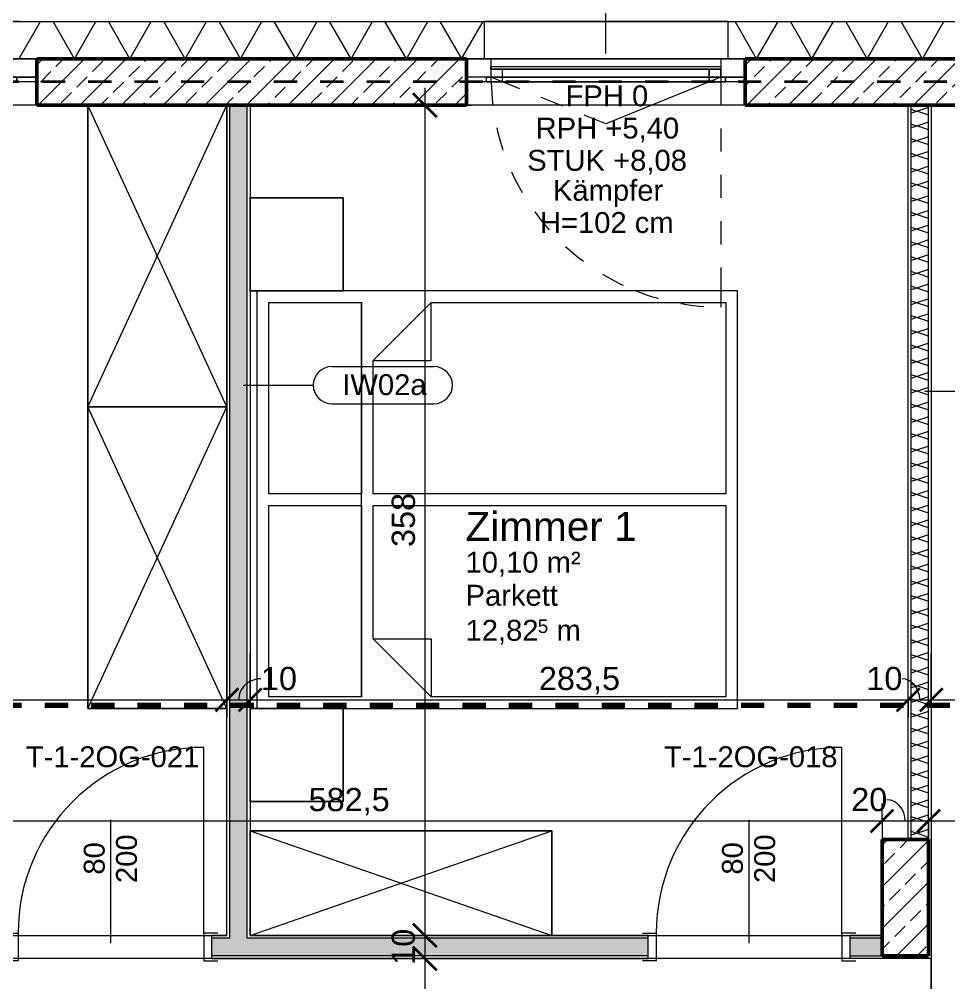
# Model space of a CAD drawing. Header units: metres. Extents: x 3 to 50, y 58.8 to 100.4.
# Drawn here: x 34.753 to 38.758, y 83.676 to 87.828 of the extents above; entities that cross this region are included whole.
import ezdxf

# ---------------------------------------------------------------- set-up
doc = ezdxf.new("R2010")
doc.units = ezdxf.units.M
for name, pattern in [('Achse', [0.009, 0.005, -0.002, 0, -0.002]), ('Strich Punkt Mittel', [0.015875, 0.00635, -0.004763, 0, -0.004763]), ('Verdeckt', [0.003, 0.002, -0.001]), ('Verdeckt Oben', [0.00225, 0.0015, -0.00075])]:
    doc.linetypes.add(name, pattern=pattern)
for name, color, linetype, lineweight in [('A-GLAZ', 151, 'Continuous', 18), ('A-GLAZ-IDEN_', 152, 'Continuous', 9), ('A_2D', 7, 'Continuous', 13), ('A_Bemassung-50_', 4, 'Continuous', 9), ('A_Bemassung_', 4, 'Continuous', 9), ('A_Beschriftung_', 7, 'Continuous', 9), ('A_Decken', 8, 'Continuous', 13), ('A_Fenster', 7, 'Continuous', 13), ('A_Moebel', 6, 'Continuous', 13), ('A_Raeume', 7, 'Continuous', 13), ('A_Raeume_', 7, 'Continuous', 5), ('A_Raeume_Beschriftung_', 7, 'Continuous', 9), ('A_Raster_', 1, 'Continuous', 9), ('A_Tueren', 31, 'Continuous', 13), ('A_Waende', 7, 'Continuous', 13), ('G-ANNO-SYMB_', 111, 'Continuous', 9)]:
    doc.layers.add(name, color=color, linetype=linetype, lineweight=lineweight)
doc.styles.add('Arial_2', font='arial.ttf', dxfattribs={"height": 0.125})
doc.styles.add('Arial_3', font='arial.ttf', dxfattribs={"height": 0.09})
doc.styles.add('Arial_4', font='arial.ttf', dxfattribs={"height": 0.05849})
doc.styles.add('Arial_5', font='arial.ttf', dxfattribs={"height": 0.1})
doc.dimstyles.new('WGA-Bemaßung_1', dxfattribs={"dimscale": 0.3048, "dimtxt": 0.102026, "dimasz": 0.328084, "dimexe": 0.246063, "dimexo": 0.0625, "dimgap": 0.04101, "dimtad": 1, "dimdec": 1, "dimlfac": 100, "dimrnd": 0.5, "dimdsep": 46, "dimtxsty": 'Arial_5', "dimblk1": 'OBLIQUE', "dimblk2": 'OBLIQUE', "dimsah": 1, "dimcen": 0.09, "dimdle": 0.246063, "dimazin": 2, "dimtfac": 1, "dimtdec": 4, "dimtix": 1, "dimtmove": 1, "dimatfit": 3, "dimfxl": 0.656168, "dimfxlon": 1, "dimtvp": 1, "dimtolj": 1, "dimtzin": 0, "dimarcsym": 2})
doc.dimstyles.new('WGA-Bemaßung_2', dxfattribs={"dimscale": 0.3048, "dimtxt": 0.102026, "dimasz": 0.328084, "dimexe": 0.246063, "dimexo": 0.0625, "dimgap": 0.04101, "dimtad": 1, "dimdec": 1, "dimlfac": 100, "dimrnd": 0.5, "dimdsep": 46, "dimtxsty": 'Arial_5', "dimblk1": 'OBLIQUE', "dimblk2": 'OBLIQUE', "dimsah": 1, "dimcen": 0.09, "dimdle": 0.246063, "dimazin": 2, "dimtfac": 1, "dimtdec": 4, "dimtix": 1, "dimtmove": 2, "dimatfit": 3, "dimfxl": 0.656168, "dimfxlon": 1, "dimtvp": 1, "dimtolj": 1, "dimtzin": 0, "dimarcsym": 2})
doc.dimstyles.new('WGA-Bemaßung_3', dxfattribs={"dimscale": 0.3048, "dimtxt": 0.102026, "dimasz": 0.328084, "dimexe": 0.246063, "dimexo": 0.0625, "dimgap": 0.04101, "dimtad": 1, "dimdec": 1, "dimlfac": 100, "dimrnd": 0.5, "dimdsep": 46, "dimtxsty": 'Arial_5', "dimblk1": 'OBLIQUE', "dimblk2": 'OBLIQUE', "dimsah": 1, "dimcen": 0.09, "dimdle": 0.246063, "dimazin": 2, "dimtfac": 1, "dimtdec": 4, "dimtix": 1, "dimtmove": 0, "dimatfit": 3, "dimfxl": 0.656168, "dimfxlon": 1, "dimtvp": 1, "dimtolj": 1, "dimtzin": 0, "dimarcsym": 2})
pattern_1 = [(45, (0, 0), (-0.08980256, 0.08980256), []), (45, (0.0898, 0), (-0.08980256, 0.08980256), [0.0635, -0.03175])]

# ---------------------------------------------------------------- blocks, each defined once
blk = doc.blocks.new('UZ_D1 - SL_0800x2000_Zimmertür_Stahlzarge_GK-7175678-263_PP_02OG_BT1')
at = {"layer": 'A_Tueren', "lineweight": 5}
for p, q in [((0.4, 0.06), (0.4, 0.86)), ((-0.46, 0.06), (-0.4, 0.06)), ((-0.4, 0.06), (-0.4, -0.06)), ((0.4, 0.06), (0.4, -0.06)), ((0.46, 0.06), (0.4, 0.06)), ((-0.4, -0.06), (-0.46, -0.06)), ((0.4, -0.06), (0.46, -0.06))]:
    blk.add_line(p, q, dxfattribs=at)
blk.add_arc((0.4, 0.06), 0.8, 90, 180, dxfattribs=at)
blk = doc.blocks.new('Moeb_Schrank - Schrank_2m_60cm-4268999-263_PP_02OG_BT1')
at = {"layer": 'A_Moebel', "color": 8}
for p, q in [((0, 0), (1.3, 0.6)), ((0, 0.6), (1.3, 0)), ((1.3, 0.6), (0, 0.6)), ((0, 0.6), (0, 0)), ((0, 0), (0, 0.6)), ((0, 0.6), (1.3, 0.6)), ((1.3, 0), (1.3, 0.6)), ((1.3, 0.6), (1.3, 0)), ((0, 0), (1.3, 0)), ((1.3, 0), (0, 0))]:
    blk.add_line(p, q, dxfattribs=at)
blk = doc.blocks.new('Moeb_Bett - Doppelbett 180x210-V13-263_PP_02OG_BT1')
at = {"layer": 'A_Moebel', "color": 8}
for p, q in [((-1.3, 1.05), (-1.3, 0.65)), ((-1.3, 1.05), (-0.9, 1.05)), ((-1.3, 0.65), (-1.3, 1.05)), ((-0.9, 1.05), (-0.9486, 1.05)), ((-0.9, 1.05), (-0.9, -1.05)), ((-0.9, 0.65), (-0.9, 1.05)), ((-0.9, 1.05), (-0.9, 0.65)), ((0.9, -1.05), (0.9, 1.05)), ((1.3, 1.05), (0.9, 1.05)), ((0.9, 1.05), (0.9, 0.65)), ((0.9, 0.65), (0.9, 1.05)), ((0.9, 1.05), (1.3, 1.05)), ((1.3, 0.65), (1.3, 1.05)), ((1.3, 1.05), (1.3, 0.65)), ((-0.9, 1.02), (0.9, 1.02)), ((-0.85, 0.57), (-0.85, 0.97)), ((-0.85, 0.97), (-0.025, 0.97)), ((-0.025, 0.97), (-0.025, 0.57)), ((0.025, 0.57), (0.025, 0.97)), ((0.025, 0.97), (0.85, 0.97)), ((0.85, 0.97), (0.85, 0.57)), ((-1.3, 0.65), (-0.9, 0.65)), ((-0.9, 0.65), (-1.3, 0.65)), ((0.9, 0.65), (1.3, 0.65)), ((1.3, 0.65), (0.9, 0.65)), ((-0.025, 0.57), (-0.85, 0.57)), ((-0.85, 0.57), (0.85, 0.57)), ((0.85, 0.57), (0.025, 0.57)), ((-0.85, 0.27), (-0.6, 0.52)), ((-0.6, 0.52), (-0.6, 0.27)), ((-0.6, 0.52), (-0.025, 0.52)), ((-0.025, 0.52), (-0.025, -1)), ((0.025, -1), (0.025, 0.52)), ((0.025, 0.52), (0.6, 0.52)), ((0.6, 0.52), (0.6, 0.27)), ((0.85, 0.27), (0.6, 0.52)), ((-0.6, 0.27), (-0.85, 0.27)), ((-0.85, -1), (-0.85, 0.27)), ((0.6, 0.27), (0.85, 0.27)), ((0.85, 0.27), (0.85, -1)), ((-0.025, -1), (-0.85, -1)), ((0.85, -1), (0.025, -1)), ((-0.9, -1.05), (0.9, -1.05))]:
    blk.add_line(p, q, dxfattribs=at)
blk = doc.blocks.new('Moeb_Schrank - Schrank_2m-4269872-263_PP_02OG_BT1')
at = {"layer": 'A_Moebel', "color": 8}
for p, q in [((0, 0), (1.3, 0.45)), ((0, 0.45), (1.3, 0)), ((1.3, 0.45), (0, 0.45)), ((0, 0.45), (0, 0)), ((0, 0), (0, 0.45)), ((0, 0.45), (1.3, 0.45)), ((1.3, 0), (1.3, 0.45)), ((1.3, 0.45), (1.3, 0)), ((0, 0), (1.3, 0)), ((1.3, 0), (0.0403, 0))]:
    blk.add_line(p, q, dxfattribs=at)
blk = doc.blocks.new('Fens_1tlg_OL - DF_OL_DK_1120x2400-10146559-263_PP_02OG_BT1')
at = {"layer": 'A_Fenster', "linetype": 'Verdeckt Oben', "lineweight": 5}
for p, q in [((-0.6, 0.1), (0.6, 0.1)), ((-0.6, 0.1), (0.6, 0.1)), ((-0.525, -0.1), (0.525, -0.1)), ((-0.525, -0.26), (0.525, -0.26))]:
    blk.add_line(p, q, dxfattribs=at)
blk = doc.blocks.new('Fens_1tlg_OL - DF_OL_DK_1120x2400-V23-263_PP_02OG_BT1')
at = {"layer": 'A_Fenster', "linetype": 'Verdeckt Oben', "lineweight": 5}
for p, q in [((-0.6, 0.1), (0.6, 0.1)), ((-0.6, 0.1), (0.6, 0.1)), ((-0.525, -0.1), (0.5249, -0.1)), ((-0.525, -0.26), (0.5249, -0.26))]:
    blk.add_line(p, q, dxfattribs=at)
blk = doc.blocks.new('Fens_1tlg_OL - DF_OL_DK_1120x2400-V34-263_PP_02OG_BT1')
at = {"layer": 'A-GLAZ'}
for p, q in [((-0.6, -0.02), (-0.515, -0.02)), ((-0.495, -0.02), (-0.6, -0.02)), ((-0.6, -0.02), (-0.6, -0.1)), ((-0.515, -0.02), (-0.495, -0.02)), ((-0.495, -0.02), (-0.445, -0.02)), ((-0.495, -0.1), (-0.495, -0.02)), ((-0.445, -0.02), (0.445, -0.02)), ((0.445, -0.02), (0.495, -0.02)), ((0.495, -0.02), (0.515, -0.02)), ((0.495, -0.02), (0.6, -0.02)), ((0.495, -0.1), (0.495, -0.02)), ((0.515, -0.02), (0.6, -0.02)), ((0.6, -0.02), (0.6, -0.1)), ((-0.6, -0.1), (-0.495, -0.1)), ((0.525, -0.1), (-0.525, -0.1)), ((0.6, -0.1), (0.495, -0.1))]:
    blk.add_line(p, q, dxfattribs=at)
at = {"layer": 'A_Fenster', "linetype": 'Verdeckt', "lineweight": 5}
for p, q in [((-0.495, 0), (-0.495, 0.97)), ((0, 0.18), (0.4455, 0)), ((-0.495, -0.02), (-0.495, 0)), ((0.4455, 0), (0.495, -0.02))]:
    blk.add_line(p, q, dxfattribs=at)
at = {"layer": 'A_Fenster'}
for p, q in [((-0.4455, 0), (0, 0.18)), ((-0.515, -0.02), (-0.515, 0)), ((-0.515, 0), (0.515, 0)), ((-0.515, 0), (-0.515, -0.02)), ((-0.445, 0), (-0.515, 0)), ((-0.495, -0.02), (-0.4455, 0)), ((-0.445, 0), (-0.445, -0.055)), ((-0.445, 0), (0.445, 0)), ((-0.445, 0), (0.445, 0)), ((-0.445, -0.055), (-0.445, 0)), ((0.445, 0), (-0.445, 0)), ((0.445, 0), (0.445, -0.055)), ((0.445, 0), (0.445, -0.055)), ((0.515, 0), (0.445, 0)), ((0.515, -0.02), (0.515, 0)), ((0.515, -0.02), (0.515, 0)), ((-0.6, -0.02), (-0.515, -0.02)), ((-0.515, -0.02), (-0.495, -0.02)), ((0.515, -0.02), (-0.515, -0.02)), ((-0.515, -0.02), (-0.495, -0.02)), ((-0.495, -0.02), (-0.445, -0.02)), ((-0.495, -0.055), (-0.495, -0.02)), ((0.495, -0.02), (-0.495, -0.02)), ((-0.495, -0.02), (-0.445, -0.02)), ((-0.495, -0.02), (-0.495, -0.055)), ((-0.445, -0.02), (-0.495, -0.02)), ((-0.445, -0.02), (0.445, -0.02)), ((-0.445, -0.02), (0.445, -0.02)), ((0.445, -0.02), (-0.445, -0.02)), ((0.445, -0.02), (0.495, -0.02)), ((0.445, -0.02), (0.495, -0.02)), ((0.495, -0.02), (0.445, -0.02)), ((0.495, -0.02), (0.515, -0.02)), ((0.495, -0.055), (0.495, -0.02)), ((0.495, -0.02), (0.515, -0.02)), ((0.495, -0.055), (0.495, -0.02)), ((0.515, -0.02), (0.6, -0.02)), ((-0.495, -0.055), (-0.495, -0.053)), ((-0.495, -0.053), (-0.445, -0.053)), ((-0.495, -0.053), (-0.445, -0.053)), ((-0.495, -0.055), (-0.495, -0.053)), ((-0.495, -0.055), (0.495, -0.055)), ((-0.495, -0.055), (-0.445, -0.055)), ((-0.495, -0.067), (-0.495, -0.055)), ((-0.495, -0.067), (-0.495, -0.055)), ((0.495, -0.067), (-0.495, -0.067)), ((0.495, -0.067), (-0.495, -0.067)), ((-0.445, -0.053), (0.445, -0.053)), ((-0.445, -0.053), (0.445, -0.053)), ((-0.445, -0.055), (0.445, -0.055)), ((-0.445, -0.055), (0.445, -0.055)), ((0.445, -0.055), (-0.445, -0.055)), ((0.445, -0.053), (0.495, -0.053)), ((0.445, -0.053), (0.495, -0.053)), ((0.445, -0.055), (0.495, -0.055)), ((0.495, -0.053), (0.495, -0.055)), ((0.495, -0.053), (0.495, -0.055)), ((0.495, -0.055), (0.495, -0.067)), ((0.495, -0.055), (0.495, -0.067)), ((-0.525, -0.1), (-0.6, -0.1)), ((0.6, -0.1), (0.525, -0.1))]:
    blk.add_line(p, q, dxfattribs=at)
at = {"layer": 'A_Fenster', "linetype": 'Verdeckt Oben', "lineweight": 5}
for p, q in [((-0.6, 0.1), (0.6, 0.1)), ((-0.6, 0.1), (0.6, 0.1)), ((-0.525, -0.1), (0.525, -0.1)), ((-0.525, -0.26), (0.525, -0.26))]:
    blk.add_line(p, q, dxfattribs=at)
at = {"layer": 'A_Fenster', "linetype": 'Verdeckt', "lineweight": 5}
for start, end in [(1.1603, 90), (360, 1.1603)]:
    blk.add_arc((-0.495, -0.02), 0.99, start, end, dxfattribs=at)
blk = doc.blocks.new('Fens_1tlg_OL - DF_OL_DK_1120x2400-V35-263_PP_02OG_BT1')
at = {"layer": 'A-GLAZ'}
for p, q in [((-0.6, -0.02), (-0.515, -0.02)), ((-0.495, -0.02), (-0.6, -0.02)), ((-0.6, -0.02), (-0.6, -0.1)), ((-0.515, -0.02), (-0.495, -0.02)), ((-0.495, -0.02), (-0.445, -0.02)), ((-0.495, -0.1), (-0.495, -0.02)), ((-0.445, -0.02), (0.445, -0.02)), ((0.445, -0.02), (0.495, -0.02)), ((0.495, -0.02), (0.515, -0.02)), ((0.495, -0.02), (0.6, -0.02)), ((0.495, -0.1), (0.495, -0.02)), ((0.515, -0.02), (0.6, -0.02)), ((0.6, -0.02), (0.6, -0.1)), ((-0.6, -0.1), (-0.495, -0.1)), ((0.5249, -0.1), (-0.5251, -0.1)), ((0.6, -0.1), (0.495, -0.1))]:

──────────

◆ Activity:
Please copy every line from the entries that includes the word "height".

◆ Result of this exercise:
doc.styles.add('Arial_2', font='arial.ttf', dxfattribs={"height": 0.125})
doc.styles.add('Arial_3', font='arial.ttf', dxfattribs={"height": 0.09})
doc.styles.add('Arial_4', font='arial.ttf', dxfattribs={"height": 0.05849})
doc.styles.add('Arial_5', font='arial.ttf', dxfattribs={"height": 0.1})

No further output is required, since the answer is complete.